The above faulty diagram has direct bearing on the topic of "science
misconceptions" which has attracted so much attention recently.
Misconceptions are formed in our early years, and then they create serious
barriers to learning during later schooling. Early concepts are a
stumbling block for many of us, and probably are a major force for turning
people away from science classes. But note that some misconceptions do
not occur naturally. Instead they're being taught to us by faulty
textbooks. Suppose that students encounter this misleading diagram and
then find optics difficult to understand forever after. If this occurs,
then any books which contain the diagram are doing actual harm. And the
number of books is not small (see below.)
I've seen this diagram in about twenty five books now, and in quite a few
newspaper and magazine articles. In an anti-evolution article, the
diagram was offered as proof that eyes could not function in intermediate
states of evolution. In an Am. Journal of Physucs paper by Goldberg and
McDermott about student misconceptions, the college freshmen participating
in the study were obviously basing many of their naive optics notions on
just this diagram. A number of gradeschool science texts use the diagram
to explain near- and far-sightedness. It appears in classroom posters
which purport to explain eyes. It even appears on the cover of a
college-level photography text! I fear that it has become firmly embedded
in the popular imagination. I suspect that it also is spreading from
textbook to textbook like some sort of infection.
One point of this message is to find out if instructors and authors are
aware of these "communicable misconceptions" which have spread from book
to book, and currently are misinforming children. There are a number of
other examples out there as well, both in the form of diagrams and written
explanations.
Here are a couple of corrected versions of the diagram...
This one is appropriate for explaining how images are formed:
The one below shows how light from the object is focussed to create a
sharp image:
Below is a diagram that combines the features of the two diagrams above.
It shows how the light from one point on the object is focused to one spot
on the screen, and it also illustrates the "camera obscura" principle:
where the lens behaves like a pinhole camera.
Also note that each individual ray in the "bad" diagram is correct.
However, the rays in the diagram below are also correct, yet the diagram
certainly does not explain how cameras or eyes work!
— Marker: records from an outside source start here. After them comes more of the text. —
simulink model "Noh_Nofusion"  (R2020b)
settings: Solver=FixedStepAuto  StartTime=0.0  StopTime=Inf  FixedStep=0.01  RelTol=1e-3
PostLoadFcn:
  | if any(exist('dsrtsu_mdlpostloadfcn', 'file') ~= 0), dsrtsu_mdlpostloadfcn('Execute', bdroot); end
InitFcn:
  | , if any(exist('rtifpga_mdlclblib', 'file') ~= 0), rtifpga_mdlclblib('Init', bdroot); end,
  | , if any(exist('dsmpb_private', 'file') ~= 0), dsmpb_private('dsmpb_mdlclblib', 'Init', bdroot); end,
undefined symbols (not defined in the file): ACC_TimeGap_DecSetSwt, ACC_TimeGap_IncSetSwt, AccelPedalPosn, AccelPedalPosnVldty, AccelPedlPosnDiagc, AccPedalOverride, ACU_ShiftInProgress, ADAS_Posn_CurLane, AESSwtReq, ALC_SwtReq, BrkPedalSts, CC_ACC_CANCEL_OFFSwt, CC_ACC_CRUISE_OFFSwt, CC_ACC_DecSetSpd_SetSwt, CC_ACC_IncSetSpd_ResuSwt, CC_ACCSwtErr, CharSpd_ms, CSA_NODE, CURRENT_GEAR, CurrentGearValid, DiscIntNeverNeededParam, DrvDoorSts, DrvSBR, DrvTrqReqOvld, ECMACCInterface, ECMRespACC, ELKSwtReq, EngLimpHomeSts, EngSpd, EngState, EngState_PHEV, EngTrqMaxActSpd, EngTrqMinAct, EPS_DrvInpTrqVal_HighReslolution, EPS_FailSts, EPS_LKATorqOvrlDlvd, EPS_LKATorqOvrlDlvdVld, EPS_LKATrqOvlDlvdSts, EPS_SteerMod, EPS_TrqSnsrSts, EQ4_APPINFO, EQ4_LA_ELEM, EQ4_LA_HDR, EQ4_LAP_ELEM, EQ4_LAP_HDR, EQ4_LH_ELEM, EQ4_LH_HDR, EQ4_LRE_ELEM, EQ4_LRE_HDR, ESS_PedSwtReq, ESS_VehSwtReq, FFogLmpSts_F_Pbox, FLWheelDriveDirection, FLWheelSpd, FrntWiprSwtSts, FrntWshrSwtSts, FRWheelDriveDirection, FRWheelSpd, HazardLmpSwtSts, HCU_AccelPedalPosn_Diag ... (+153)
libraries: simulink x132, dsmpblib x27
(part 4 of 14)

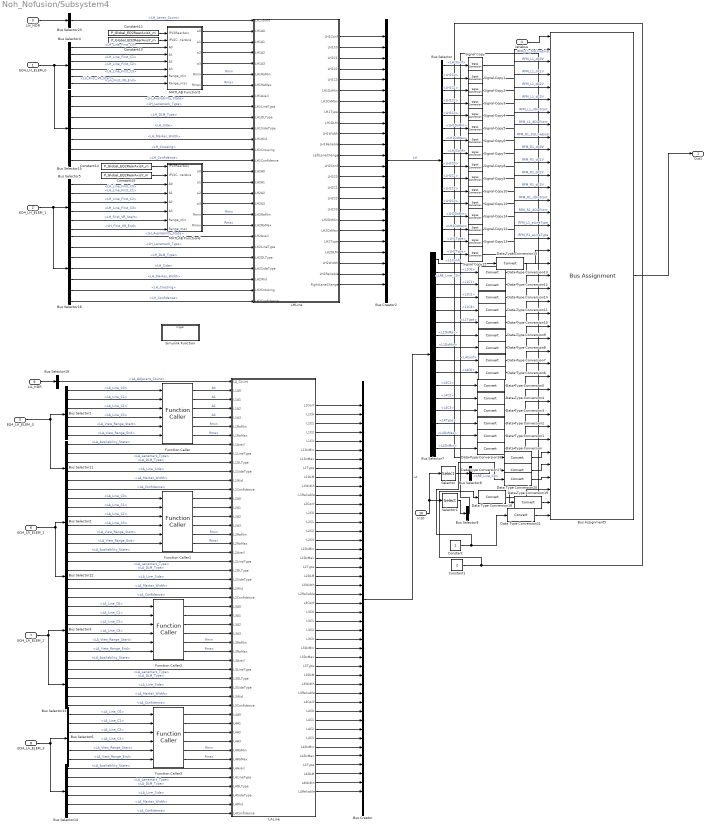
== system Noh_Nofusion/Subsystem4 ==
  EQ4_LH_ELEM_0 : Inport
  EQ4_LH_ELEM_1 : Inport  Port=2
  LH_HDR : Inport  Port=3
  lanebus : Inport  Port=4
  EQ4_LA_ELEM_0 : Inport  Port=5
  EQ4_LA_ELEM_1 : Inport  Port=6
  EQ4_LA_ELEM_2 : Inport  Port=7
  EQ4_LA_ELEM_3 : Inport  Port=8
  LA_HDR : Inport  Port=9
  In10 : Inport  Port=10
  Bus Assignment5 : BusAssignment  AssignedSignals=RFM_LINE_L1.bIsLineExist,RFM_LINE_L1.dC0V,RFM_LINE_L1.dC1V,RFM_LINE_L1.dC2V,RFM_LINE_L1.dC3V,RFM_LINE_L1.dDisStart,RFM_LINE_L1.dDisFront,RFM_LINE_R1.bIsLineExist,RFM_LINE_R1.dC0V,RFM_LINE_R1.dC1V,RFM_LINE_R1.dC2V,RFM_LINE_R1.dC3V,RFM_LINE_R1.dDisStart,RFM_LINE_R1.dDisFront,RFM_LINE_L1.eLineType,RFM_LINE_R1.eLineType,RFM_LINE_L2.bIsLineExist,RFM_LINE_L2.dC0V,RFM_LINE_L2.dC1V,RFM_LINE_L2.dC2V,RFM_LINE_L2.dC3V,RFM_LINE_L2.eLineType,RFM_LINE_L2.dDisFront,RFM_LINE_L2.dDisStart,RFM_LINE_R2.bIsLineExist,RFM_LINE_R2.dC0V,RFM_LINE_R2.dC1V,RFM_LINE_R2.dC2V,RFM_LINE_R2.dC3V,RFM_LINE_R2.eLineType,RFM_LINE_R2.dDisStart,RFM_LINE_R2.dDisFront,RFM_LINE_LB.bIsLineExist,RFM_LINE_LB.dC0V,RFM_LINE_LB.eLineType,RFM_LINE_RB.bIsLineExist,RFM_LINE_RB.dC0V,RFM_LINE_RB.eLineType
  Bus Creator : BusCreator  Inputs=44
  Bus Creator2 : BusCreator  Inputs=24
  Bus Selector : BusSelector  OutputSignals=LH1Conf,LH1C0,LH1C1,LH1C2,LH1C3,LH1DxMin,LH1DxMax,LH2Conf,LH2C0,LH2C1,LH2C2,LH2C3,LH2DxMin,LH2DxMax,LH1Type,LH2Type
  Bus Selector{1..3,6} (4 alike) : BusSelector  OutputSignals=LA_Line_C0,LA_Line_C1,LA_Line_C2,LA_Line_C3,LA_View_Range_Start,LA_View_Range_End
  Bus Selector{11..14} (4 alike) : BusSelector  OutputSignals=LA_Availability_State,LA_Lanemark_Type,LA_DLM_Type,LA_Line_Side,LA_Marker_Width,LA_Confidence
  Bus Selector15 : BusSelector  OutputSignals=LH_Availability_State,LH_Lanemark_Type,LH_DLM_Type,LH_Side,LH_Marker_Width,LH_Crossing,LH_Confidence
  Bus Selector16 : BusSelector  OutputSignals=LH_Availability_State,LH_Lanemark_Type,LH_DLM_Type,LH_Side,LH_Marker_Width,LH_Crossing,LH_Confidence
  Bus Selector19 : BusSelector  OutputSignals=LA_Adjacent_Count
  Bus Selector23 : BusSelector  OutputSignals=LH_Lanes_Count
  Bus Selector4 : BusSelector  OutputSignals=LH_Line_First_C0,LH_Line_First_C1,LH_Line_First_C2,LH_Line_First_C3,LH_First_VR_Start,LH_First_VR_End
  Bus Selector5 : BusSelector  OutputSignals=LH_Line_First_C0,LH_Line_First_C1,LH_Line_First_C2,LH_Line_First_C3,LH_First_VR_Start,LH_First_VR_End
  Bus Selector7 : BusSelector  OutputSignals=L1Conf,L1C0,L1C1,L1C2,L1C3,L1Type,L1DxMax,L1DxMin,L4Conf,L4C0,L4C1,L4C2,L4C3,L4Type,L4DxMax,L4DxMin
  Bus Selector8 : BusSelector  OutputSignals=LRE_Availability_State,LRE_Line_C0,LRE_Type
  Bus Selector9 : BusSelector  OutputSignals=LRE_Availability_State,LRE_Line_C0,LRE_Type
  Constant : Constant
  Constant1 : Constant  Value=2
  Constant12 : Constant  Value=P_Global_EQ2RearAxisX_m
  Constant13 : Constant  Value=P_Global_EQ2RearAxisY_m
  Constant14 : Constant  Value=P_Global_EQ2RearAxisX_m
  Constant15 : Constant  Value=P_Global_EQ2RearAxisY_m
  Data Type Conversion{,1..21} (22 alike) : DataTypeConversion
  Function Caller{,1..3} (4 alike) : FunctionCaller  FunctionPrototype=[a0,a1,a2,a3,Rmin,Rmax] = fla(A0,A1,A2,A3,Range_min,Range_max)  InputArgumentSpecifications=<Enter example>  OutputArgumentSpecifications=<Enter example>
  LALine : MATLAB Function  TreatAsAtomicUnit=on
  LHLine : MATLAB Function  TreatAsAtomicUnit=on
  MATLAB Function5 : MATLAB Function  TreatAsAtomicUnit=on
  MATLAB Function6 : MATLAB Function  TreatAsAtomicUnit=on
  Selector : Selector  InputPortWidth=2  IndexOptions=Index vector (dialog)  Indices=1  OutputSizes=1
  Selector1 : Selector  InputPortWidth=2  IndexOptions=Index vector (dialog)  Indices=2  OutputSizes=1
  Signal Copy{,1..15} (16 alike) : SignalConversion  OverrideOpt=off
  Simulink Function : Subsystem  TreatAsAtomicUnit=on
  Out1 : Outport
  wires:
  Constant13/1 -> MATLAB Function5/2(IFV2CenterAxis)
  LHLine/15(LH2C1) -> Bus Creator2/15
  LHLine/5(LH1C3) -> Bus Creator2/5
  MATLAB Function6/3(a2) -> LHLine/17(LH2A2)
  LHLine/17(LH2C3) -> Bus Creator2/17
  MATLAB Function6/6(Rmax) -> LHLine/20(LH2RaMax)  "Rmax"
  Bus Selector16/2 -> LHLine/22(LH2LineType)  "<LH_Lanemark_Type>"
  EQ4_LH_ELEM_1/1 -> Bus Selector16/1, Bus Selector5/1
  MATLAB Function5/6(Rmax) -> LHLine/7(LH1RaMax)  "Rmax"
  Bus Selector16/6 -> LHLine/26(LH2Crossing)  "<LH_Crossing>"
  LHLine/23(LH2Reliable) -> Bus Creator2/23
  Bus Selector15/5 -> LHLine/12(LH1Wid)  "<LH_Marker_Width>"
  LHLine/1(LH1Conf) -> Bus Creator2/1
  Constant15/1 -> MATLAB Function6/2(IFV2CenterAxis)
  EQ4_LH_ELEM_0/1 -> Bus Selector15/1, Bus Selector4/1
  Bus Selector16/3 -> LHLine/23(LH2DLType)  "<LH_DLM_Type>"
  MATLAB Function5/2(a1) -> LHLine/3(LH1A1)
  Bus Selector16/7 -> LHLine/27(LH2Confidence)  "<LH_Confidence>"
  LHLine/12(LeftLaneChange) -> Bus Creator2/12
  LHLine/9(LH1DLM) -> Bus Creator2/9
  Bus Selector15/4 -> LHLine/11(LH1SideType)  "<LH_Side>"
  LHLine/7(LH1DxMax) -> Bus Creator2/7
  LHLine/22(LH2Width) -> Bus Creator2/22
  LH_HDR/1 -> Bus Selector23/1
  Bus Selector16/1 -> LHLine/21(LH2Avail)  "<LH_Availability_State>"
  Bus Selector15/7 -> LHLine/14(LH1Confidence)  "<LH_Confidence>"
  Bus Selector4/2 -> MATLAB Function5/4(A1)  "<LH_Line_First_C1>"
  Bus Selector4/3 -> MATLAB Function5/5(A2)  "<LH_Line_First_C2>"
  Bus Selector16/5 -> LHLine/25(LH2Wid)  "<LH_Marker_Width>"
  MATLAB Function6/5(Rmin) -> LHLine/19(LH2RaMin)  "Rmin"
  LHLine/18(LH2DxMin) -> Bus Creator2/18
  LHLine/3(LH1C1) -> Bus Creator2/3
  Bus Selector5/1 -> MATLAB Function6/3(A0)  "<LH_Line_First_C0>"
  Bus Selector5/4 -> MATLAB Function6/6(A3)  "<LH_Line_First_C3>"
  Bus Selector4/4 -> MATLAB Function5/6(A3)  "<LH_Line_First_C3>"
  Bus Selector23/1 -> LHLine/1(LH_Count)  "<LH_Lanes_Count>"
  LHLine/14(LH2C0) -> Bus Creator2/14
  Bus Selector15/1 -> LHLine/8(LH1Avail)  "<LH_Availability_State>"
  MATLAB Function6/1(a0) -> LHLine/15(LH2A0)
  LHLine/8(LH1Type) -> Bus Creator2/8
  Bus Selector5/3 -> MATLAB Function6/5(A2)  "<LH_Line_First_C2>"
  MATLAB Function5/1(a0) -> LHLine/2(LH1A0)
  Bus Selector15/2 -> LHLine/9(LH1LineType)  "<LH_Lanemark_Type>"
  Bus Selector4/6 -> MATLAB Function5/8(Range_max)  "<LH_First_VR_End>"
  Constant12/1 -> MATLAB Function5/1(IFV2RearAxis)
  LHLine/4(LH1C2) -> Bus Creator2/4
  Bus Selector4/5 -> MATLAB Function5/7(Range_min)  "<LH_First_VR_Start>"
  MATLAB Function5/5(Rmin) -> LHLine/6(LH1RaMin)  "Rmin"
  MATLAB Function5/3(a2) -> LHLine/4(LH1A2)
  LHLine/11(LH1Reliable) -> Bus Creator2/11
  LHLine/20(LH2Type) -> Bus Creator2/20
  LHLine/19(LH2DxMax) -> Bus Creator2/19
  Bus Selector15/6 -> LHLine/13(LH1Crossing)  "<LH_Crossing>"
  LHLine/13(LH2Conf) -> Bus Creator2/13
  LHLine/21(LH2DLM) -> Bus Creator2/21
  LHLine/2(LH1C0) -> Bus Creator2/2
  Bus Selector16/4 -> LHLine/24(LH2SideType)  "<LH_Side>"
  Bus Selector15/3 -> LHLine/10(LH1DLType)  "<LH_DLM_Type>"
  LHLine/24(RightLaneChange) -> Bus Creator2/24
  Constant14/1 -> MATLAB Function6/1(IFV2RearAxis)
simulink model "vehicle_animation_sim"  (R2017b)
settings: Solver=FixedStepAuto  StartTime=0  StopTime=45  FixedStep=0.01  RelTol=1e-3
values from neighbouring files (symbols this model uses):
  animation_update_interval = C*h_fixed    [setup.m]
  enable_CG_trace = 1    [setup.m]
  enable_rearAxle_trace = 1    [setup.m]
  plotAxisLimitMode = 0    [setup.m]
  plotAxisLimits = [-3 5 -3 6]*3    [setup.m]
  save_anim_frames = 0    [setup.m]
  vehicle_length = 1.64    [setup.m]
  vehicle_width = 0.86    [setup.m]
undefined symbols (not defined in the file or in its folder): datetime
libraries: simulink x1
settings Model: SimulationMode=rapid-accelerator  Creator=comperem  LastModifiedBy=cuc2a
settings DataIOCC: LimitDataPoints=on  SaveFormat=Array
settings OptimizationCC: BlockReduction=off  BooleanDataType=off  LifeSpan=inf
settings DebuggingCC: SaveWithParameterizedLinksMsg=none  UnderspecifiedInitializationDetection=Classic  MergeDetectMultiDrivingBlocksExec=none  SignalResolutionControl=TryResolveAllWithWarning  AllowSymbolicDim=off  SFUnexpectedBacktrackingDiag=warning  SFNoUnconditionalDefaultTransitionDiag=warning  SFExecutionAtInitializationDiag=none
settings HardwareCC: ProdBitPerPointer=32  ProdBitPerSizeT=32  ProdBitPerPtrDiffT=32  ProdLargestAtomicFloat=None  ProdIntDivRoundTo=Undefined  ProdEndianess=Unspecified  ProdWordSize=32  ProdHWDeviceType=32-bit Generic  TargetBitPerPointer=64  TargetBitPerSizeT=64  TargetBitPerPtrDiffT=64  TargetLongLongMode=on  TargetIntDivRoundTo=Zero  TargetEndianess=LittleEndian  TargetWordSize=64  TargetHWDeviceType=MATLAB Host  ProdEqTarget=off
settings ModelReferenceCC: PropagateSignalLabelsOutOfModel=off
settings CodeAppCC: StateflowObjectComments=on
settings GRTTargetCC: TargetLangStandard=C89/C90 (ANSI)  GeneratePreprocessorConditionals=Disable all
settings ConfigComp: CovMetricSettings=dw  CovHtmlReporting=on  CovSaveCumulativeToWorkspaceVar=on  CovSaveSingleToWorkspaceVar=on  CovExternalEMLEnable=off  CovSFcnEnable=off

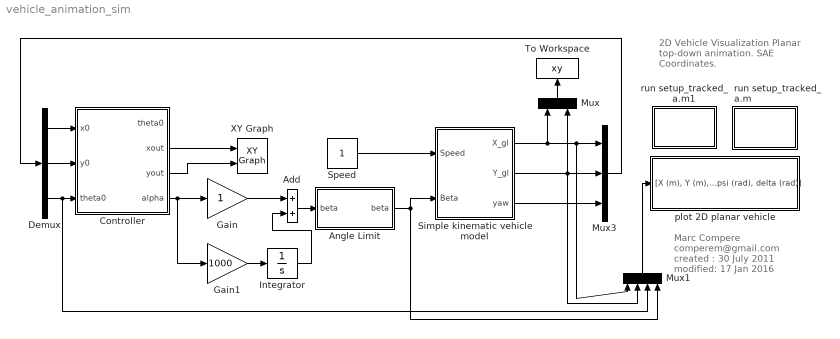
== system vehicle_animation_sim ==
  note: Marc Compere
      | comperem@gmail.com
      | created : 30 July 2011
      | modified: 17 Jan 2016
  note: 2D Vehicle Visualization
      | Planar top-down animation.
      | SAE Coordinates.
  Add : Sum
  Angle Limit : MATLAB Function  TreatAsAtomicUnit=on
  Controller : MATLAB Function  TreatAsAtomicUnit=on
  Demux : Demux  Outputs=3
  Gain : Gain
  Gain1 : Gain  Gain=1000
  Integrator : Integrator
  Mux : Mux  Inputs=2
  Mux1 : Mux
  Mux3 : Mux  Inputs=3
  "Simple kinematic vehicle model " : Subsystem
  Speed : Constant
  To Workspace : ToWorkspace  VariableName=xy  SampleTime=-1
      settings: Save2DSignal=2-D array (concatenate along first dimension)
  XY Graph : simulink/Sinks/XY Graph  xmin=-30  xmax=30  ymin=-30  ymax=30  st=-1
  plot 2D planar vehicle : Subsystem  mask(6DoF Animation){axisMode=plotAxisLimitMode, ax=plotAxisLimits, Ts=animation_update_interval, enable_CG_trace=enable_CG_trace, enable_rearAxle_trace=enable_rearAxle_trace, save_anim_frames=save_anim_frames, anim_frame_name_str=char(datetime('now','Format','yyyy-MM-dd_HH_mm_ss')), L=vehicle_length, W=vehicle_width}
      mask prompts: axisMode "Axis Mode (0->auto, 1->fixed, BOTH use Axes Limits below)"; ax "Axes limits [xmin xmax ymin ymax] (m):"; Ts "Time interval between updates (s):"; enable_CG_trace "Enable vehicle CG trace? (0/1)"; enable_rearAxle_trace "Enable rear axle trace? (0/1)"; save_anim_frames "Save animaton frames? (0/1)"; anim_frame_name_str "Animation sequence name (if save frames==1)"; L "Vehicle length (m)"; W "Vehicle width (m)"
      mask help:
      | Create a 2D animated view of a steering vehicle model with tires.
      |
      | Marc Compere
      | CompereM@saic.com
      | created : 22 August 2002
      | modified: 28 Dec 2015
      mask init:
      | Config.axisMode=axisMode;
      | Config.ax=ax;
      | Config.Ts=Ts;
      | Config.enable_CG_trace=enable_CG_trace;
      | Config.enable_rearAxle_trace=enable_rearAxle_trace;
      | Config.save_anim_frames=save_anim_frames;
      | Config.anim_frame_name_str=anim_frame_name_str;
      | Config.L=L;
      | Config.W=W;
      mask Help:
      | <p>This block generates a 3 dimensional display of a simulation trajectory, with the craft orientation displayed during flight</p>
      | 
      | <p>There are two inputs to this block, Position and Euler.  These inputs contain more than one signal as described below.</p>
      | 
      | <p><H4>Block Vector Input - Position</H4>
      | <ul>
      | <li>X Position</li>
      | <li>Y Position</li>
      | <li>Z Position</li>
      | </ul>
      | </p>
      | 
      | <p><H4>Block Vector Input - Euler</H4>
      |     <ul>
      |     <li>Roll Attitude</li>
      |     <li>Pitch Attitude</li>
      |     <li>Yaw Attitude</li>
      |    </ul>
      |    </p>
  run setup_tracked_a.m : Subsystem
      settings: OpenFcn=setup
      mask Display: fprintf('run setup.m')
  run setup_tracked_a.m1 : Subsystem
      settings: OpenFcn=edit setup
      mask Display: fprintf('edit setup.m')
  wires:
  "Simple kinematic vehicle model "/1(X_gl) -> Mux/1, Mux1/1, Mux3/1
  "Simple kinematic vehicle model "/2(Y_gl) -> Mux/2, Mux3/2, Mux1/2
  "Simple kinematic vehicle model "/3(yaw) -> Mux3/3
  Demux/1 -> Controller/1(x0)
  Demux/2 -> Controller/2(y0)
  Speed/1 -> "Simple kinematic vehicle model "/1(Speed)
  Gain/1 -> Add/1
  Angle Limit/1(beta) -> "Simple kinematic vehicle model "/2(Beta), Mux1/4
  Mux3/1 -> Demux/1
  Controller/2(xout) -> XY Graph/1
  Controller/3(yout) -> XY Graph/2
  Mux/1 -> To Workspace/1
  Controller/4(alpha) -> Gain1/1, Gain/1
  Mux1/1 -> plot 2D planar vehicle/1("[X (m), Y (m), psi (rad), delta (rad)]")
  Demux/3 -> Mux1/3, Controller/3("theta0 ")
  Gain1/1 -> Integrator/1
  Integrator/1 -> Add/2
  Add/1 -> Angle Limit/1("beta ")

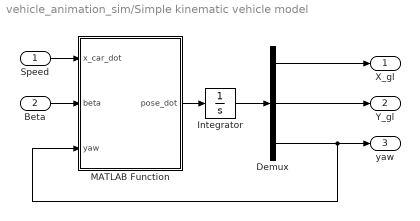
== system vehicle_animation_sim/Simple kinematic vehicle model  ==
  Speed : Inport
  Beta : Inport  Port=2
  Demux : Demux  Outputs=3
  Integrator : Integrator
  MATLAB Function : MATLAB Function  TreatAsAtomicUnit=on
  X_gl : Outport
  Y_gl : Outport  Port=2
  yaw : Outport  Port=3
  wires:
  Demux/1 -> X_gl/1
  Demux/3 -> MATLAB Function/3(yaw), yaw/1
  Demux/2 -> Y_gl/1
  Integrator/1 -> Demux/1
  MATLAB Function/1(pose_dot) -> Integrator/1
  Speed/1 -> MATLAB Function/1(x_car_dot)
  Beta/1 -> MATLAB Function/2(beta)

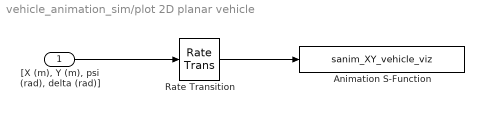
== system vehicle_animation_sim/plot 2D planar vehicle ==
  "[X (m), Y (m), psi (rad), delta (rad)]" : Inport
  Animation S-Function : S-Function  FunctionName=sanim_XY_vehicle_viz  Parameters=Config  SFunctionDeploymentMode=off  EnableBusSupport=off
  Rate Transition : RateTransition  Integrity=off
  wires:
  "[X (m), Y (m), psi (rad), delta (rad)]"/1 -> Rate Transition/1
  Rate Transition/1 -> Animation S-Function/1

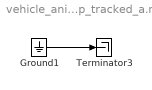
== system vehicle_animation_sim/run setup_tracked_a.m ==
  Ground1 : Ground
  Terminator3 : Terminator
  wires:
  Ground1/1 -> Terminator3/1

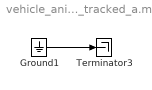
== system vehicle_animation_sim/run setup_tracked_a.m1 ==
  Ground1 : Ground
  Terminator3 : Terminator
  wires:
  Ground1/1 -> Terminator3/1

== matlab function vehicle_animation_sim/Controller ==
  data: theta0 output; xout output; x0 input; y0 input; theta0 input; yout output; PointMatrix parameter; alpha output
function [theta0,xout,yout,alpha] = fcn(x0,y0,theta0,PointMatrix)

% Define constants
LOWERDIST = 3.2;
UPPERDIST = 3.6;
VIEWING_ANGLE = 90*pi()/180;  %90 degrees in radians
WHEEL_BASE = 1.62;

% find the path length
szpm = size(PointMatrix);

% initialize the variables. 
xout = PointMatrix(szpm(1,1),1);
yout = PointMatrix(szpm(1,1),2);
alpha = 0;


for i = 1:szpm(1,1)
    %translate to the front of the cart.
    car_x = x0 + cos(theta0) * WHEEL_BASE;
    car_y = y0 + sin(theta0) * WHEEL_BASE;
    
    distance = sqrt((PointMatrix(i,1)-car_x)^2+(PointMatrix(i,2)-car_y)^2);

    if distance >= LOWERDIST && distance <= UPPERDIST 
        % creates a vector from the car front point to the pathpoint
        % substract our glabal position and the translation to the front. 
        pointVec = [PointMatrix(i,1)-x0-cos(theta0)*WHEEL_BASE ; PointMatrix(i,2)-y0-sin(theta0)*WHEEL_BASE];
        % creates a vector along the car
        carVec = [cos(theta0); sin(theta0)];
        
        % find the angle using the formular for finding angle between two
        % vectors.
        alpha = acos(dot(carVec,pointVec)/(norm(carVec)*norm(pointVec)));

        if alpha <= VIEWING_ANGLE/2
            xout = PointMatrix(i,1);
            yout = PointMatrix(i,2);
            %find the direction of the angle using the cross product.
            alpha = alpha * sign(carVec(1,1)*pointVec(2,1)-carVec(2,1)*pointVec(1,1));
            break %break the loop as soon as we find a point 
        end          
    end     
end

== matlab function vehicle_animation_sim/Simple kinematic vehicle model /MATLAB Function ==
  data: x_car_dot input; pose_dot output; beta input; yaw input
function pose_dot  = fcn(x_car_dot,beta,yaw)
W = 1.64;
theta = tan(beta)/W;
pose_dot = [cos(yaw)*x_car_dot
            sin(yaw)*x_car_dot
               theta*x_car_dot];

== matlab function vehicle_animation_sim/Angle Limit ==
  data: beta input; beta output
function beta = fcn(beta)

if beta > 22000/43408.5889
    beta = 22000/43408.5889;
    
elseif beta < -22000/43408.5889
    beta = -22000/43408.5889;  

end

Even if each ray is
correct, the entire diagram can be wrong.
CHILDREN'S SCIENCE BOOKS
"How It Works, Vol II" 1974 p191-194
TEXTBOOKS AND EDUCATIONAL MATERIAL
"Physical Science" Prentice-Hall, 1988 p569
OTHER
"Academic American Encyclopedia" 1986, entry under "eye"
F.M. Goldberg and L. C. McDermott, AN INVESTIGATION OF STUDENT
UNDERSTANDING OF THE REAL IMAGE FORMED BY A CONVERGING LENS OR CONCAVE
MIRROR, Am. J. of Phys. 55 (2) Feb. 1987 pp108-119.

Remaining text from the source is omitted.